DTZ, une société du groupe UGL, publie un « Guide Européen de l’immobilier durable ». Ce premier guide donne aux entreprises utilisatrices, investisseurs et promoteurs un panorama synthétique des pratiques liées à l’immobilier vert en Europe.  Selon DTZ  le développement durable a un impact croissant sur les coûts et les décisions immobilières, et confirme que des mesures urgentes sont nécessaires, puisque seulement 5 % des actifs de bureaux bénéficient actuellement d’une certification « verte ».
 
Télecharger le guide :
http://www.dtz.com/Global/Research/DTZ+European+Sustainability+Guide+April+2013
 
Ce guide propose des indicateurs clés et présente le coût de l’énergie par pays en Europe, les certifications vertes les plus répandues ainsi que le nombre et le volume des bâtiments verts. Il étudie en outre le rôle des normes de construction, précise la définition des bâtiments à faible consommation d'énergie, passe en revue les certificats de performance énergétique ainsi que le mode de mise en œuvre des certifications et des baux verts.
 
Paul Brown, directeur de la division Santé, sécurité et développement durable chez DTZ, commente : « S’agissant d’immobilier durable, les investisseurs et les entreprises utilisatrices doivent tenir compte de deux aspects différents. Le premier concerne l’adoption au niveau local de la directive européenne concernant la performance énergétique des bâtiments. Les normes locales varient, mais l'impact de la législation ne devrait pas être sous-estimé, car 44 % des CPE (certificats de performance énergétique) réalisés par DTZ au Royaume-Uni mettent en évidence le besoin de  mesures urgentes pour les biens immobiliers après l’échéance de 2018. Le second aspect de la réglementation verte concerne l’utilisation d’outils de « notation », tels que BREEAM, DGNB, LEED, HQE, etc.

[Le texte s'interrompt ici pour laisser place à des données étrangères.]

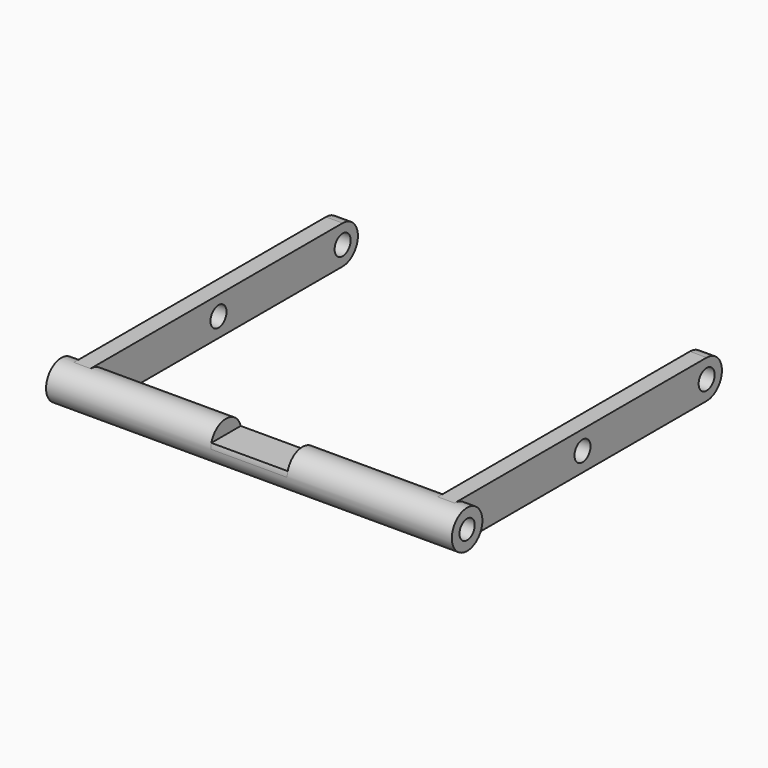
from build123d import *

# Parameters (mm, degrees)
F0_R          = 4
F1_DEPTH      = 42.5
F1_DEPTH_BACK = 42.5
F2_W          = 8
F2_H          = 8
F3_DEPTH      = 25
F4_W          = 3.5
F4_H          = 8
F5_DEPTH      = 70
F6_R          = 2
F7_DEPTH      = 25
F8_R          = 2
F9_DEPTH      = 25
F10_R         = 3.99999
F11_R         = 2.1
F12_DEPTH     = 82.3766380975
F14_DEPTH     = 16


# Not quite as in the source:
# - a fillet or chamfer is up to 0.001 mm smaller than in the source, because OpenCascade refuses the exact size


with BuildPart() as f1:
    # F0 (on Right) → F1 (new body, two sides)
    with BuildSketch(Plane.YZ) as f1_sk:
        Circle(F0_R)
    extrude(amount=F1_DEPTH)
    extrude(f1_sk.sketch, amount=-F1_DEPTH_BACK)

    # F2 (on Top) → F3 (cut)
    with BuildSketch(Plane.XY):
        with Locations((-4, 0)):
            Rectangle(F2_W, F2_H)
        with Locations((4, 0)):
            Rectangle(F2_W, F2_H)
    extrude(amount=F3_DEPTH, mode=Mode.SUBTRACT)

    # F4 (on Front) → F5 (join)
    with BuildSketch(Plane.XZ):
        with Locations((38.1256380975, 0)):
            Rectangle(F4_W, F4_H)
        with Locations((-38.1256380975, 0)):
            Rectangle(F4_W, F4_H)
    extrude(amount=-F5_DEPTH)

    # F6 (on face) → F7 (cut)
    with BuildSketch(Plane.YZ.offset(42.5)):
        Circle(F6_R)
    extrude(amount=-F7_DEPTH, mode=Mode.SUBTRACT)

    # F8 (on face) → F9 (cut)
    with BuildSketch(Plane(origin=(-42.5, 0, 0), x_dir=(0, -1, 0), z_dir=(-1, 0, 0))):
        Circle(F8_R)
    extrude(amount=-F9_DEPTH, mode=Mode.SUBTRACT)

    # F10 (radius 4 in the source; OpenCascade refuses exactly that, so slightly less here)
    f10_edges = [f1.edges().sort_by_distance(p)[0] for p in [
        (38.125638, 70, 4),
        (38.125638, 70, -4),
        (-38.125638, 70, 4),
        (-38.125638, 70, -4),
    ]]
    fillet(f10_edges, radius=F10_R)

    # F11 (on face) → F12 (cut, through all)
    with BuildSketch(Plane(origin=(-39.8756380975, 0, 0), x_dir=(0, -1, 0), z_dir=(-1, 0, 0))):
        with Locations((-66, 0)):
            Circle(F11_R)
        with Locations((-33.5, 0)):
            Circle(F11_R)
    extrude(amount=-F12_DEPTH, mode=Mode.SUBTRACT)

    # F13 (on face) → F14 (join, through all)
    with BuildSketch(Plane(origin=(8, 0, 0), x_dir=(0, -1, 0), z_dir=(-1, 0, 0))):
        with BuildLine():
            ThreePointArc((-3.848557921, 1.0902302184), (-3.9619585866, 0.5503491238), (-4, 0))
            Line((-4, 0), (4, 0))
            ThreePointArc((4, 0), (3.9619585866, 0.5503491238), (3.848557921, 1.0902302184))
            Line((3.848557921, 1.0902302184), (-3.848557921, 1.0902302184))
        make_face()
    extrude(amount=F14_DEPTH)


solid = f1.part

Notre guide inclut un résumé des principaux outils mis en œuvre en Europe pour mesurer la performance énergétique des bâtiments afin d’aider les investisseurs et les entreprises utilisatrices à suivre le processus leur permettant d’obtenir une certification « verte ».
 
Le guide aborde également le principe de « valeur verte » ainsi que la récente définition des nouveaux bâtiments ( dits « prime ») qui inclut des éléments de performance énergétique. La recherche d’une efficience énergétique  pour satisfaire à la définition du prime est déjà une réalité dans 7 des 22 pays couverts par le guide -notamment les pays nordiques, la France et le Royaume-Uni. Cependant, les bâtiments tertiaires « verts » –  disposant de certifications – ne représentent actuellement que 24 millions de mètres carrés en Europe, soit moins de 5 % du parc total.
 
Magali Marton, directrice de la Recherche CEMEA à DTZ et co-auteure de ce guide, a déclaré : « Notre analyse des loyers des bâtiments à faible consommation d’énergie par rapport aux autres bâtiments montre que la différence de prix reste limitée dans la plupart des pays européens. Dans certains pays les prix pour les bâtiments verts sont plus élevés que pour des bâtiments plus classiques. C’est le cas dans les marchés de périphérie en Finlande, en Allemagne et en Roumanie. »
 
Outre le certificat de performance énergétique et les certifications vertes, l’émergence de bâtiments verts devrait modifier la relation contractuelle entre locataires et propriétaires. Une annexe consacrée à l’utilisation durable des bâtiments est désormais requise dans la moitié des pays européens examinés dans l’analyse de DTZ. Les baux « verts »  varient quant à leur contenu, aux obligations qu’ils posent pour les locataires et/ou les propriétaires. Leur caractère obligatoire est la preuve que l’immobilier durable aura un impact considérable sur le marché dans les années à venir.